## Data section
--

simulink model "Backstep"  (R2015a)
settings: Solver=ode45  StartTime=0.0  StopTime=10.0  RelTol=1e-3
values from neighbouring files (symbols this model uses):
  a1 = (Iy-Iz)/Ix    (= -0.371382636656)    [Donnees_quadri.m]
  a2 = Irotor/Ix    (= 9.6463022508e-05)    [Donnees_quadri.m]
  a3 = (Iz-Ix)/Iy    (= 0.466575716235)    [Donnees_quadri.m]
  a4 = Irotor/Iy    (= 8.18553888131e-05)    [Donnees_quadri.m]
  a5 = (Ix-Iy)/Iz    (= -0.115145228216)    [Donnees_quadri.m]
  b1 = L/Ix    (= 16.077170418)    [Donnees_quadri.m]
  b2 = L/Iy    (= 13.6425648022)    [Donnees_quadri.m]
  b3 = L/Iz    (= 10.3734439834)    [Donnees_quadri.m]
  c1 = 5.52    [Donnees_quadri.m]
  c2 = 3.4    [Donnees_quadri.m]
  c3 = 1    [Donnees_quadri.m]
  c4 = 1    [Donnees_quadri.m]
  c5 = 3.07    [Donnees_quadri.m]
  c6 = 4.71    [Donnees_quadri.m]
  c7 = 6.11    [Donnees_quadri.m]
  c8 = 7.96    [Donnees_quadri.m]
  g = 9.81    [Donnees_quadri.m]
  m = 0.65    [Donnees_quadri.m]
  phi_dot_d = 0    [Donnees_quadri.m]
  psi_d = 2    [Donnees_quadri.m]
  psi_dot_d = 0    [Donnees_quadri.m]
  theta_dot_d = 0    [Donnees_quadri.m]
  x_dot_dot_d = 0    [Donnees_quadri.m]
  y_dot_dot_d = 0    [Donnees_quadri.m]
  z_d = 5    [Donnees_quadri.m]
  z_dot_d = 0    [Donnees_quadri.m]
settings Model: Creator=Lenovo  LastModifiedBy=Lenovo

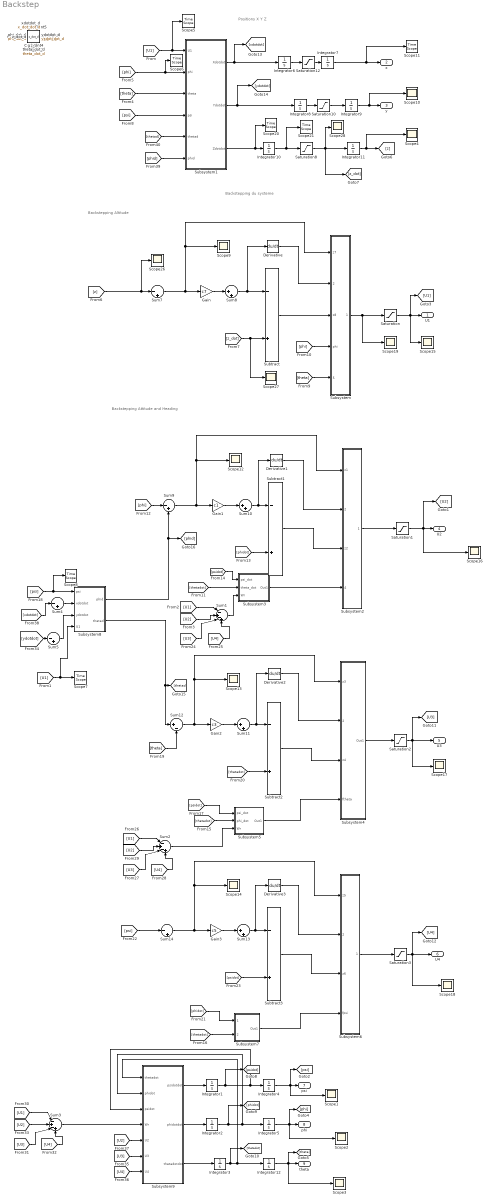
== system Backstep ==
  note: Positions X Y Z
  note: Backstepping Altitude
  note: Backstepping du systeme
  note: Backstepping Attitude and Heading
  Derivative{,1..3} (4 alike) : Derivative
  Gain : Gain  Gain=c7
  Gain1 : Gain  Gain=c1
  Gain2 : Gain  Gain=c3
  Gain3 : Gain  Gain=c5
  Integrator{1..12} (12 alike) : Integrator
  Saturation : Saturate  UpperLimit=500  LowerLimit=-500
  Saturation{1..3,8,10,12} (6 alike) : Saturate  UpperLimit=5  LowerLimit=-5
  Scope{1..4,9..10,12..19,26..28} (17 alike) : Scope
      Scope10 settings: SaveName=ScopeData9
      Scope12 settings: SaveName=ScopeData11
      Scope13 settings: SaveName=ScopeData12
      Scope14 settings: SaveName=ScopeData13
      Scope15 settings: SaveName=ScopeData14
      Scope16 settings: SaveName=ScopeData15
      Scope17 settings: SaveName=ScopeData16
      Scope18 settings: SaveName=ScopeData17
      Scope19 settings: SaveName=ScopeData24
      Scope2 settings: SaveName=ScopeData3
      Scope26 settings: SaveName=ScopeData39
      Scope27 settings: SaveName=ScopeData45
      Scope28 settings: SaveName=ScopeData46
      Scope3 settings: SaveName=ScopeData4
      Scope4 settings: SaveName=ScopeData2
      Scope9 settings: SaveName=ScopeData8
  Scope{5..8,11,20..21} (7 alike) : TimeScope
  Subsystem : Subsystem
  Subsystem1 : Subsystem
  Subsystem2 : Subsystem
  Subsystem3 : Subsystem
  Subsystem4 : Subsystem
  Subsystem5 : Subsystem
  Subsystem6 : Subsystem
  Subsystem7 : Subsystem
  Subsystem8 : Subsystem
  Subsystem9 : Subsystem
  Subtract{,1..3} (4 alike) : Sum  Inputs=-+
  Sum1 : Sum  Inputs=|-+-+
  Sum{8,10..11,13} (4 alike) : Sum  Inputs=|++
  Sum12 : Sum  Inputs=|+-
  Sum{4..5,7,9,14} (5 alike) : Sum  Inputs=|-+
  Sum2 : Sum  Inputs=|-+-+
  Sum3 : Sum  Inputs=|-+-+
  U1 : Outport
  x : Outport  Port=2
  y : Outport  Port=3
  U2 : Outport  Port=4
  U3 : Outport  Port=5
  U4 : Outport  Port=6
  psi : Outport  Port=7
  phi : Outport  Port=8
  "theta " : Outport  Port=9
  1 : Constant  IOType=siggen
  Constant : Constant  IOType=siggen
  Constant1 : Constant  IOType=siggen  Value=a4
  Constant2 : Constant  IOType=siggen  Value=a3
  Constant3 : Constant  IOType=siggen  Value=a2
  Constant4 : Constant  IOType=siggen  Value=a1
  Constant5 : Constant  IOType=siggen  Value=a5
  a1 : Constant  IOType=siggen  Value=a1
  a2 : Constant  IOType=siggen  Value=a2
  a3 : Constant  IOType=siggen  Value=a3
  a4 : Constant  IOType=siggen  Value=a4
  a5 : Constant  IOType=siggen  Value=a5
  b1 : Constant  IOType=siggen  Value=b1
  b2 : Constant  IOType=siggen  Value=b2
  b3 : Constant  IOType=siggen  Value=b3
  c2 : Constant  IOType=siggen  Value=c2
  c4 : Constant  IOType=siggen  Value=c4
  c6 : Constant  IOType=siggen  Value=c6
  c8 : Constant  IOType=siggen  Value=c8
  g : Constant  IOType=siggen  Value=g
  m : Constant  IOType=siggen  Value=m
  phi_dot_d : Constant  IOType=siggen  Value=phi_dot_d
  psi_d : Constant  IOType=siggen  Value=psi_d
  psi_dot_d : Constant  IOType=siggen  Value=psi_dot_d
  theta_dot_d : Constant  IOType=siggen  Value=theta_dot_d
  xdotdot_d : Constant  IOType=siggen  Value=x_dot_dot_d
  ydotdot_d : Constant  IOType=siggen  Value=y_dot_dot_d
  z_d : Constant  IOType=siggen  Value=z_d
  z_dot_d : Constant  IOType=siggen  Value=z_dot_d
  wires:
  Sum7/1 -> Scope9/1, Subsystem/1(z7), Gain/1
  Subtract/1 -> Subsystem/3(z8)
  Subsystem/1(Out1) -> Scope19/1, Saturation/1
  Gain/1 -> Sum8/1
  Sum8/1 -> Derivative/1, Subtract/1
  Saturation/1 -> [U1], Scope15/1, U1/1
  [U1] -> Scope5/1, Subsystem1/1(U1)
  Integrator6/1 -> Saturation12/1
  Integrator8/1 -> Saturation10/1
  Integrator10/1 -> Scope21/1, Saturation8/1
  Integrator11/1 -> Scope4/1, [z]
  [z] -> Scope26/1, Sum7/1
  Integrator9/1 -> Scope10/1, y/1
  Integrator7/1 -> Scope11/1, x/1
  Sum9/1 -> Scope12/1, Subsystem2/1(z1), Gain1/1
  Subtract1/1 -> Subsystem2/3(z2)
  Subsystem2/1(Out1) -> Saturation1/1
  Gain1/1 -> Sum10/1
  Sum10/1 -> Derivative1/1, Subtract1/1
  Saturation1/1 -> [U2], Scope16/1, U2/1
  Subsystem3/1(Out1) -> Subsystem2/4(fphi)
  [z_dot] -> Scope27/1, Subtract/2
  Sum12/1 -> Scope13/1, Subsystem4/1(z3), Gain2/1
  Subtract2/1 -> Subsystem4/3(z4)
  Subsystem4/1(Out1) -> Saturation2/1
  Gain2/1 -> Sum11/1
  Sum11/1 -> Derivative2/1, Subtract2/1
  Saturation2/1 -> [U3], Scope17/1, U3/1
  [psidot] -> Subsystem5/1(psi_dot)
  Subsystem5/1(Out1) -> Subsystem4/4(ftheta)
  [thetadot] -> Subtract2/2
  Sum14/1 -> Scope14/1, Subsystem6/1(z5), Gain3/1
  Subtract3/1 -> Subsystem6/3(z6)
  Subsystem6/1(Out1) -> Saturation3/1
  Gain3/1 -> Sum13/1
  Sum13/1 -> Derivative3/1, Subtract3/1
  Saturation3/1 -> [U4], U4/1, Scope18/1
  [phidot] -> Subsystem7/1(phi_dot)
  [thetadot] -> Subsystem7/2(theta_dot)
  Subsystem7/1(Out1) -> Subsystem6/4(fpsi)
  [psidot] -> Subtract3/2
  [phidot] -> Subtract1/2
  [theta] -> Subsystem/5(theta)
  Derivative/1 -> Subsystem/2(zdd_d+c7zd_d-c7zd)
  [phi] -> Subsystem/4(phi)
  Derivative1/1 -> Subsystem2/2(phidd_d+c1phid_d-c1phid)
  Derivative2/1 -> Subsystem4/2(thetadd_d+c3thetad_d-c3thetad)
  Derivative3/1 -> Subsystem6/2(psidd_d+c5psid_d-c5psid)
  Subsystem1/3(Zdotdot) -> Scope20/1, Integrator10/1
  Saturation8/1 -> Scope28/1, [z_dot], Integrator11/1
  Saturation10/1 -> Integrator9/1
  Subsystem1/2(Ydotdot) -> Integrator8/1, [ydotdot]
  Subsystem1/1(Xdotdot) -> Integrator6/1, [xdotdot]
  Saturation12/1 -> Integrator7/1
  [psi] -> Scope8/1, Subsystem8/1(psi)
  Subsystem8/1(phid) -> [phid], Sum9/2
  Subsystem8/2(thetad) -> [thetad], Sum12/1
  [U1] -> Subsystem8/4(U1), Scope7/1
  [thetadot] -> Subsystem5/2(phi_dot)
  [phi] -> Sum9/1
  [theta] -> Subsystem1/3(theta)
  [psi] -> Subsystem1/4(psi)
  [phi] -> Scope6/1, Subsystem1/2(phi)
  [U1] -> Sum1/1
  Sum1/1 -> Subsystem3/3(Wr)
  [U2] -> Sum1/2
  Subsystem9/2(phidotdot) -> Integrator2/1
  Subsystem9/1(psidotdot) -> Integrator1/1
  Subsystem9/3(thetadotdot) -> Integrator3/1
  Integrator4/1 -> Scope1/1, [psi], psi/1
  Integrator5/1 -> Scope2/1, [phi], phi/1
  Integrator12/1 -> Scope3/1, [theta], "theta "/1
  Integrator1/1 -> [psidot], Subsystem9/3(psidot), Integrator4/1
  Integrator2/1 -> [phidot], Subsystem9/2(phidot), Integrator5/1
  Integrator3/1 -> [thetadot], Subsystem9/1(thetadot), Integrator12/1
  [psidot] -> Subsystem3/1(psi_dot)
  [thetadot] -> Subsystem3/2(theta_dot)
  [theta] -> Sum12/2
  [psi] -> Sum14/1
  [U3] -> Sum1/3
  [U4] -> Sum1/4
  [U1] -> Sum2/1
  Sum2/1 -> Subsystem5/3(Wr)
  [U2] -> Sum2/2
  [U3] -> Sum2/3
  [U4] -> Sum2/4
  [U1] -> Sum3/1
  [U2] -> Sum3/2
  [U3] -> Sum3/3
  [U4] -> Sum3/4
  Sum3/1 -> Subsystem9/4(Wr)
  [U2] -> Subsystem9/5(U2)
  [U3] -> Subsystem9/6(U3)
  [U4] -> Subsystem9/7(U4)
  [thetad] -> Subsystem1/5(thetad)
  [phid] -> Subsystem1/6(phid)
  Sum4/1 -> Subsystem8/2(xdotdot)
  [ydotdot] -> Sum5/1
  Sum5/1 -> Subsystem8/3(ydotdot)
  [xdotdot] -> Sum4/1

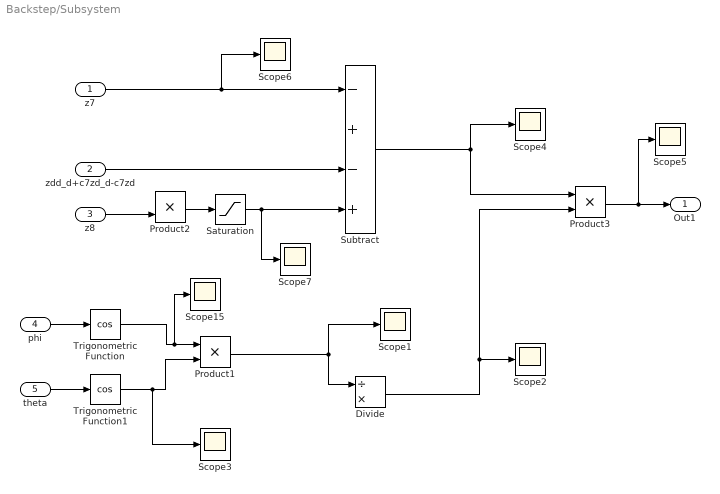
== system Backstep/Subsystem ==
  z7 : Inport
  zdd_d+c7zd_d-c7zd : Inport  Port=2
  z8 : Inport  Port=3
  phi : Inport  Port=4
  theta : Inport  Port=5
  Divide : Product  Inputs=/*
  Product1 : Product
  Product2 : Product
  Product3 : Product
  Saturation : Saturate  UpperLimit=5  LowerLimit=-5
  Scope{1..7,15} (8 alike) : Scope
      Scope1 settings: SaveName=ScopeData19
      Scope15 settings: SaveName=ScopeData18
      Scope2 settings: SaveName=ScopeData20
      Scope3 settings: SaveName=ScopeData21
      Scope4 settings: SaveName=ScopeData22
      Scope5 settings: SaveName=ScopeData23
      Scope6 settings: SaveName=ScopeData31
      Scope7 settings: SaveName=ScopeData32
  Subtract : Sum  Inputs=-+-+
  Trigonometric Function : Trigonometry  Operator=cos
  Trigonometric Function1 : Trigonometry  Operator=cos
  Out1 : Outport
  wires:
  z7/1 -> Scope6/1, Subtract/1
  phi/1 -> Trigonometric Function/1
  theta/1 -> Trigonometric Function1/1
  Product1/1 -> Scope1/1, Divide/1
  Trigonometric Function/1 -> Scope15/1, Product1/1
  Trigonometric Function1/1 -> Scope3/1, Product1/2
  z8/1 -> Product2/2
  Product3/1 -> Scope5/1, Out1/1
  Divide/1 -> Scope2/1, Product3/2
  Subtract/1 -> Product3/1, Scope4/1
  zdd_d+c7zd_d-c7zd/1 -> Subtract/3
  Product2/1 -> Saturation/1
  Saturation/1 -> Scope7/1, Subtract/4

--

## Task objective
Copy out all lines of the listing where the word "Saturate" appears.

## Response below
  Saturation : Saturate  UpperLimit=500  LowerLimit=-500
  Saturation{1..3,8,10,12} (6 alike) : Saturate  UpperLimit=5  LowerLimit=-5
  Saturation : Saturate  UpperLimit=5  LowerLimit=-5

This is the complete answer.